RVC Model Cloud Training

Prologue: Creating Your Exclusive AI Voice

This guide will show you how to use Google Colab's free computing power to train high-quality RVC voice conversion models. For the best results, we standardize the process into three stages:

  1. Data Preparation: Use this application and UVR5 to create pure clean vocals.
  2. Cloud Training: Use Google Colab's powerful GPUs for training.
  3. Model Import: Place the trained model into this application for use.

Stage 1: Data Preparation (The Most Important Step)

The quality of a model is 90% dependent on the quality of the dataset. Please ensure your training audio is an absolutely clean voice with no background music (BGM) and no reverberation (Reverb/Echo).

1. Initial Separation (Using this application)

Use this software's "Vocal Separation" feature:
  1. Input your audio/video source.
  2. Check Save Clean Vocals As (WAV).
  3. Execute and retrieve vocals.wav.

2. Removing Reverb and Noise (Using UVR5) Crucial

Vocals separated by this application usually still have spatial reverberation, which will cause the model training to fail (the voice sounds muddy).
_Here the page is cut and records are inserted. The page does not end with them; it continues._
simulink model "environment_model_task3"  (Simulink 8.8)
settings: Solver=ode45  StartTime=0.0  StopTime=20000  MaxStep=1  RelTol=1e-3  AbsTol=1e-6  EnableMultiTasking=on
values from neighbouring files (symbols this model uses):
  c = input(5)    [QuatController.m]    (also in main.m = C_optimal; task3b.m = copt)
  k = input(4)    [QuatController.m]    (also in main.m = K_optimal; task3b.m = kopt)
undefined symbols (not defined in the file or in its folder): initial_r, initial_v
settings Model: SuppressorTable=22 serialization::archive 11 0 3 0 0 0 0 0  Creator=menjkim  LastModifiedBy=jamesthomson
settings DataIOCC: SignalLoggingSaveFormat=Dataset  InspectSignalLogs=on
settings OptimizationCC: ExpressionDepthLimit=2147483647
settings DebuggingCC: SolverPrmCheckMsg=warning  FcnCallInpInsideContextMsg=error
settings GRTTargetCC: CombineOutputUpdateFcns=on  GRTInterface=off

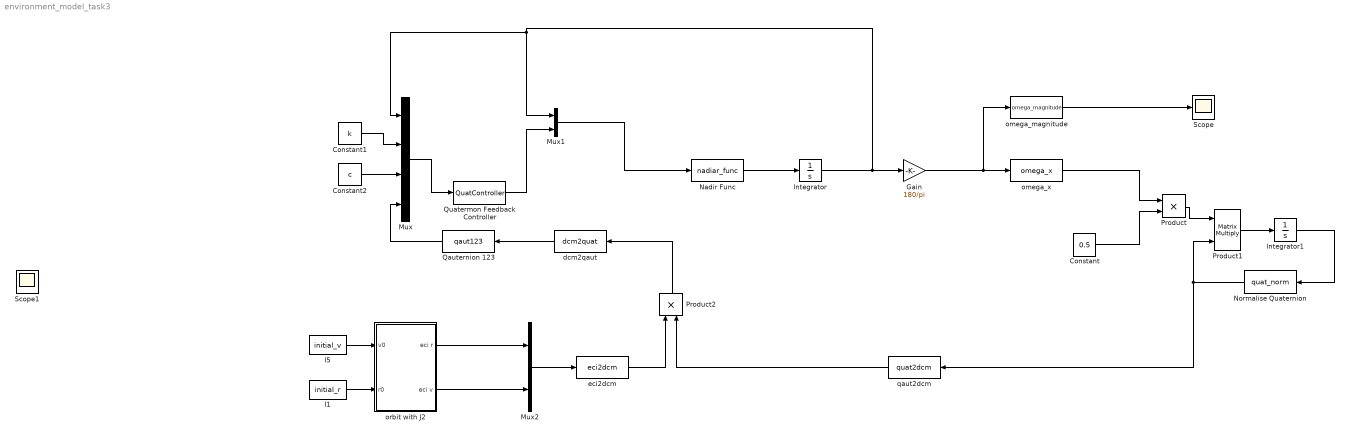
== system environment_model_task3 ==
  Constant : Constant  Value=0.5
  Constant1 : Constant  Value=k
  Constant2 : Constant  Value=c
  Gain : Gain  Gain=180/pi
  I1 : Constant  Value=initial_r
  I5 : Constant  Value=initial_v
  Integrator : Integrator  InitialCondition=[-0.1; 0.1; -0.2]
  Integrator1 : Integrator  InitialCondition=[0.1754; 0.5951; -0.7329; 0.2798]
  Mux : Mux
  Mux1 : Mux  Inputs=2
  Mux2 : Mux  Inputs=2
  Nadir Func : MATLABFcn  MATLABFcn=nadiar_func
  Normalise Quaternion : MATLABFcn  MATLABFcn=quat_norm  Output1D=off
  Product : Product
  Product1 : Product  Multiplication=Matrix(*)
  Product2 : Product
  Qauternion 123 : MATLABFcn  MATLABFcn=qaut123  Output1D=off
  Quatermon Feedback Controller : MATLABFcn  MATLABFcn=QuatController  Output1D=off
  Scope : Scope
  dcm2qaut : MATLABFcn  MATLABFcn=dcm2quat
  eci2dcm : MATLABFcn  MATLABFcn=eci2dcm  Output1D=off
  omega_magnitude : MATLABFcn  MATLABFcn=omega_magnitude
  omega_x : MATLABFcn  MATLABFcn=omega_x  Output1D=off
  orbit with J2 : Subsystem
  qaut2dcm : MATLABFcn  MATLABFcn=quat2dcm  Output1D=off
  Scope1 : Scope
  wires:
  Nadir Func/1 -> Integrator/1
  Integrator/1 -> Mux1/1, Mux/1, Gain/1
  Gain/1 -> omega_magnitude/1, omega_x/1
  omega_x/1 -> Product/1
  Constant/1 -> Product/2
  Product/1 -> Product1/1
  Product1/1 -> Integrator1/1
  omega_magnitude/1 -> Scope/1
  Integrator1/1 -> Normalise Quaternion/1
  I1/1 -> orbit with J2/2(r0)
  I5/1 -> orbit with J2/1(v0)
  eci2dcm/1 -> Product2/1
  Normalise Quaternion/1 -> Product1/2, qaut2dcm/1
  qaut2dcm/1 -> Product2/2
  Product2/1 -> dcm2qaut/1
  dcm2qaut/1 -> Qauternion 123/1
  Mux/1 -> Quatermon Feedback Controller/1
  Quatermon Feedback Controller/1 -> Mux1/2
  Mux1/1 -> Nadir Func/1
  Mux2/1 -> eci2dcm/1
  orbit with J2/1(eci r) -> Mux2/1
  orbit with J2/2(eci v) -> Mux2/2
  Constant1/1 -> Mux/2
  Qauternion 123/1 -> Mux/4
  Constant2/1 -> Mux/3

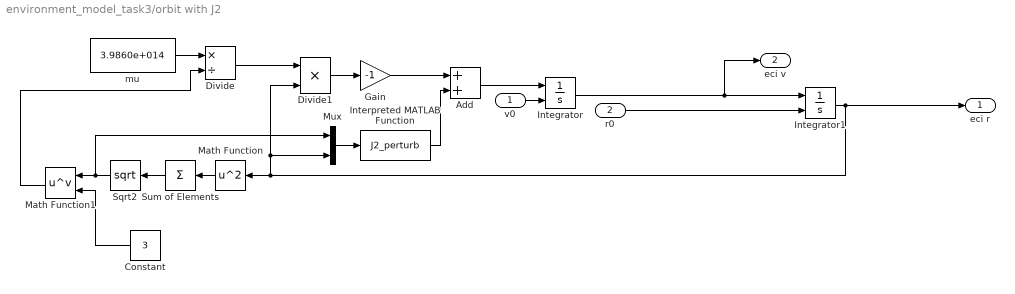
== system environment_model_task3/orbit with J2 ==
  v0 : Inport
  r0 : Inport  Port=2
  Add : Sum
  Constant : Constant  Value=3
  Divide : Product  Inputs=*/
  Divide1 : Product  Inputs=**
  Gain : Gain  Gain=-1
  Integrator : Integrator  InitialConditionSource=external  InitialCondition=[-1021 -88 -7488]
  Integrator1 : Integrator  InitialConditionSource=external  InitialCondition=[596030 -6952400 0]
  Interpreted MATLAB Function : MATLABFcn  MATLABFcn=J2_perturb
  Math Function : Math  Operator=square  SaturateOnIntegerOverflow=on
  Math Function1 : Math  Operator=pow  SaturateOnIntegerOverflow=on
  Mux : Mux  Inputs=2
  Sqrt2 : Math  Operator=sqrt  SaturateOnIntegerOverflow=on
  Sum of Elements : Sum  Inputs=+
  mu : Constant  Value=3.9860e+014
  eci r : Outport
  eci v : Outport  Port=2
  wires:
  r0/1 -> Integrator1/2
  v0/1 -> Integrator/2
  Integrator1/1 -> eci r/1, Math Function/1, Divide1/2, Mux/2
  Sum of Elements/1 -> Sqrt2/1
  Math Function/1 -> Sum of Elements/1
  Divide1/1 -> Gain/1
  Divide/1 -> Divide1/1
  mu/1 -> Divide/1
  Sqrt2/1 -> Mux/1, Math Function1/1
  Math Function1/1 -> Divide/2
  Constant/1 -> Math Function1/2
  Gain/1 -> Add/1
  Add/1 -> Integrator/1
  Mux/1 -> Interpreted MATLAB Function/1
  Interpreted MATLAB Function/1 -> Add/2
  Integrator/1 -> eci v/1, Integrator1/1
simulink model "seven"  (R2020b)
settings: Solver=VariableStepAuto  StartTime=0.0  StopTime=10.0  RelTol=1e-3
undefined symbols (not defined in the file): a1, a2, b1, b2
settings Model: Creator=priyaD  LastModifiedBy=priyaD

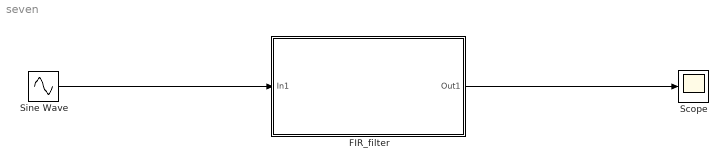
== system seven ==
  FIR_filter : Subsystem
  Scope : Scope
  Sine Wave : Sin  SampleTime=0
  wires:
  Sine Wave/1 -> FIR_filter/1(In1)
  FIR_filter/1(Out1) -> Scope/1

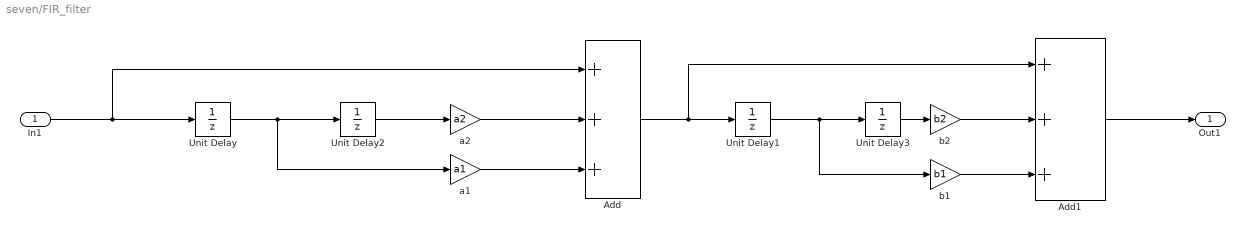
== system seven/FIR_filter ==
  In1 : Inport
  Add : Sum  Inputs=+++
  Add1 : Sum  Inputs=+++
  Unit Delay{,1..3} (4 alike) : UnitDelay  SampleTime=-1  HasFrameUpgradeWarning=on
  a1 : Gain  Gain=a1
  a2 : Gain  Gain=a2
  b1 : Gain  Gain=b1
  b2 : Gain  Gain=b2
  Out1 : Outport
  wires:
  b2/1 -> Add1/2
  Unit Delay3/1 -> b2/1
  Unit Delay1/1 -> b1/1, Unit Delay3/1
  a1/1 -> Add/3
  Add/1 -> Add1/1, Unit Delay1/1
  Unit Delay/1 -> a1/1, Unit Delay2/1
  b1/1 -> Add1/3
  Unit Delay2/1 -> a2/1
  In1/1 -> Add/1, Unit Delay/1
  a2/1 -> Add/2
  Add1/1 -> Out1/1
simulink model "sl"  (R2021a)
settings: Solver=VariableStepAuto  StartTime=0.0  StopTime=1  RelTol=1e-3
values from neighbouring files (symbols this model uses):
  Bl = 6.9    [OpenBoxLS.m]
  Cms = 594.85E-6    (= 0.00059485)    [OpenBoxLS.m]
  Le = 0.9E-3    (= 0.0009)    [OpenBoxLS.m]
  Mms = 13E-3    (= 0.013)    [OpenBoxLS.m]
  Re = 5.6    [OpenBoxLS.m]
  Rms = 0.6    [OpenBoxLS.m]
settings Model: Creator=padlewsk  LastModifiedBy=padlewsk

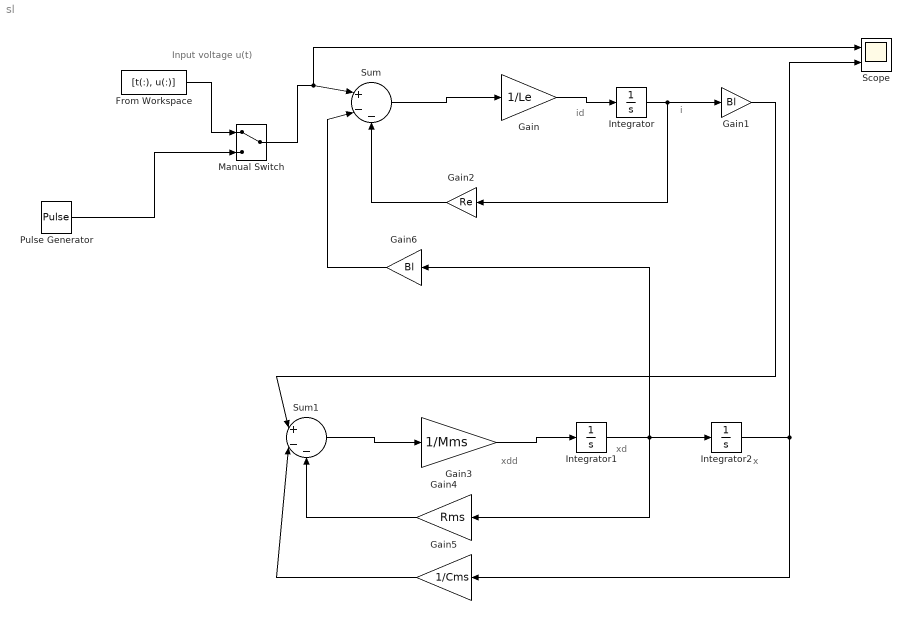
== system sl ==
  note: Input voltage u(t)
  note: i
  note: xdd
  note: xd
  note: x
  note: id
  From Workspace : FromWorkspace  VariableName=[t(:), u(:)]  SampleTime=0.001  OutputAfterFinalValue=Holding final value
  Gain : Gain  Gain=1/Le
  Gain1 : Gain  Gain=Bl
  Gain2 : Gain  Gain=Re
  Gain3 : Gain  Gain=1/Mms
  Gain4 : Gain  Gain=Rms
  Gain5 : Gain  Gain=1/Cms
  Gain6 : Gain  Gain=Bl
  Integrator : Integrator
  Integrator1 : Integrator
  Integrator2 : Integrator
  Manual Switch : ManualSwitch
  Pulse Generator : DiscretePulseGenerator  PulseType=Time based  Period=1  PulseWidth=5
  Scope : Scope  NumInputPorts=2
  Sum : Sum  Inputs=|+--
  Sum1 : Sum  Inputs=|+--
  wires:
  Sum/1 -> Gain/1
  Gain/1 -> Integrator/1
  Integrator/1 -> Gain2/1, Gain1/1
  Gain2/1 -> Sum/3
  Gain1/1 -> Sum1/1
  Sum1/1 -> Gain3/1
  Gain3/1 -> Integrator1/1
  Integrator1/1 -> Integrator2/1, Gain4/1, Gain6/1
  Integrator2/1 -> Gain5/1, Scope/2
  Gain6/1 -> Sum/2
  Gain5/1 -> Sum1/2
  Gain4/1 -> Sum1/3
  From Workspace/1 -> Manual Switch/1
  Manual Switch/1 -> Scope/1, Sum/1
  Pulse Generator/1 -> Manual Switch/2

Please make sure to use UVR5 (Ultimate Vocal Remover) for secondary processing.

UVR5 Recommended Settings (De-Reverb):
  • Process Method: VR Architecture
  • Window Size: 320 (Default) or 512
  • Aggression Setting: 10
  • Model: Select 5_HP-Karaoke-UVR.pth or VR - DeEcho-DeReverb.pth
  • After execution, you will get extremely clean, close-miked sound, which is standard training material!

3. Packaging the Dataset (Detailed Instructions)

File Preparation Principles:
  • Quantity: Please prepare multiple short audio files (10~15 seconds each recommended), totaling about 10~30 minutes.
  • Format: Must be in WAV format (PCM_16), sample rate 44100Hz or 48000Hz, mono is preferred.
  • Naming: Please use English or numbers for filenames (e.g., 001.wav, 002.wav), avoiding special symbols.
Packaging Steps:
  1. Create a folder and name it dataset.
  2. Place all prepared .wav files into this folder.
  3. Right-click the folder and select "Add to archive" to create a dataset.zip file.

Structure Example:
dataset.zip
└── dataset/
    ├── 001.wav
    ├── 002.wav
    └── ...

Stage 2: Google Colab Cloud Training

We recommend using Applio Colab (currently the most powerful RVC modification).

1. Prerequisite Setup

After entering the Colab page:
  1. Top menu "Runtime" -> "Change runtime type".
  2. Hardware accelerator: select T4 GPU.
  3. Click "Connect" in the top right corner.

2. Starting Execution and Entering WebUI

Click the play button (▶) on the left of each block in order:

3. Training Parameter Recommendations

In the WebUI's Train tab:
  • Experiment Name: Choose an English name (e.g., my_voice).
  • Sample Rate: 40k or 48k.
  • Process Data: Upload your dataset.zip.
  • Extract Features: F0 Method select rmvpe (best results).
  • Train Model:
    • Total Epochs: 100 ~ 300 (train more rounds if you have less data).
    • Batch Size: T4 graphics card can handle 8 ~ 12.
Click Train Model to begin training!

Stage 3: Import to this application

Once training is complete, download the .pth model file and .index index file from Colab.

  1. Go to this software's directory models/RVC/.
  2. Create a new folder (e.g., My_AI_Voice).
  3. Place the two downloaded files into this folder.
  4. Open this application -> Real-time VC.
  5. Load your new model in the model field, and start voice conversion!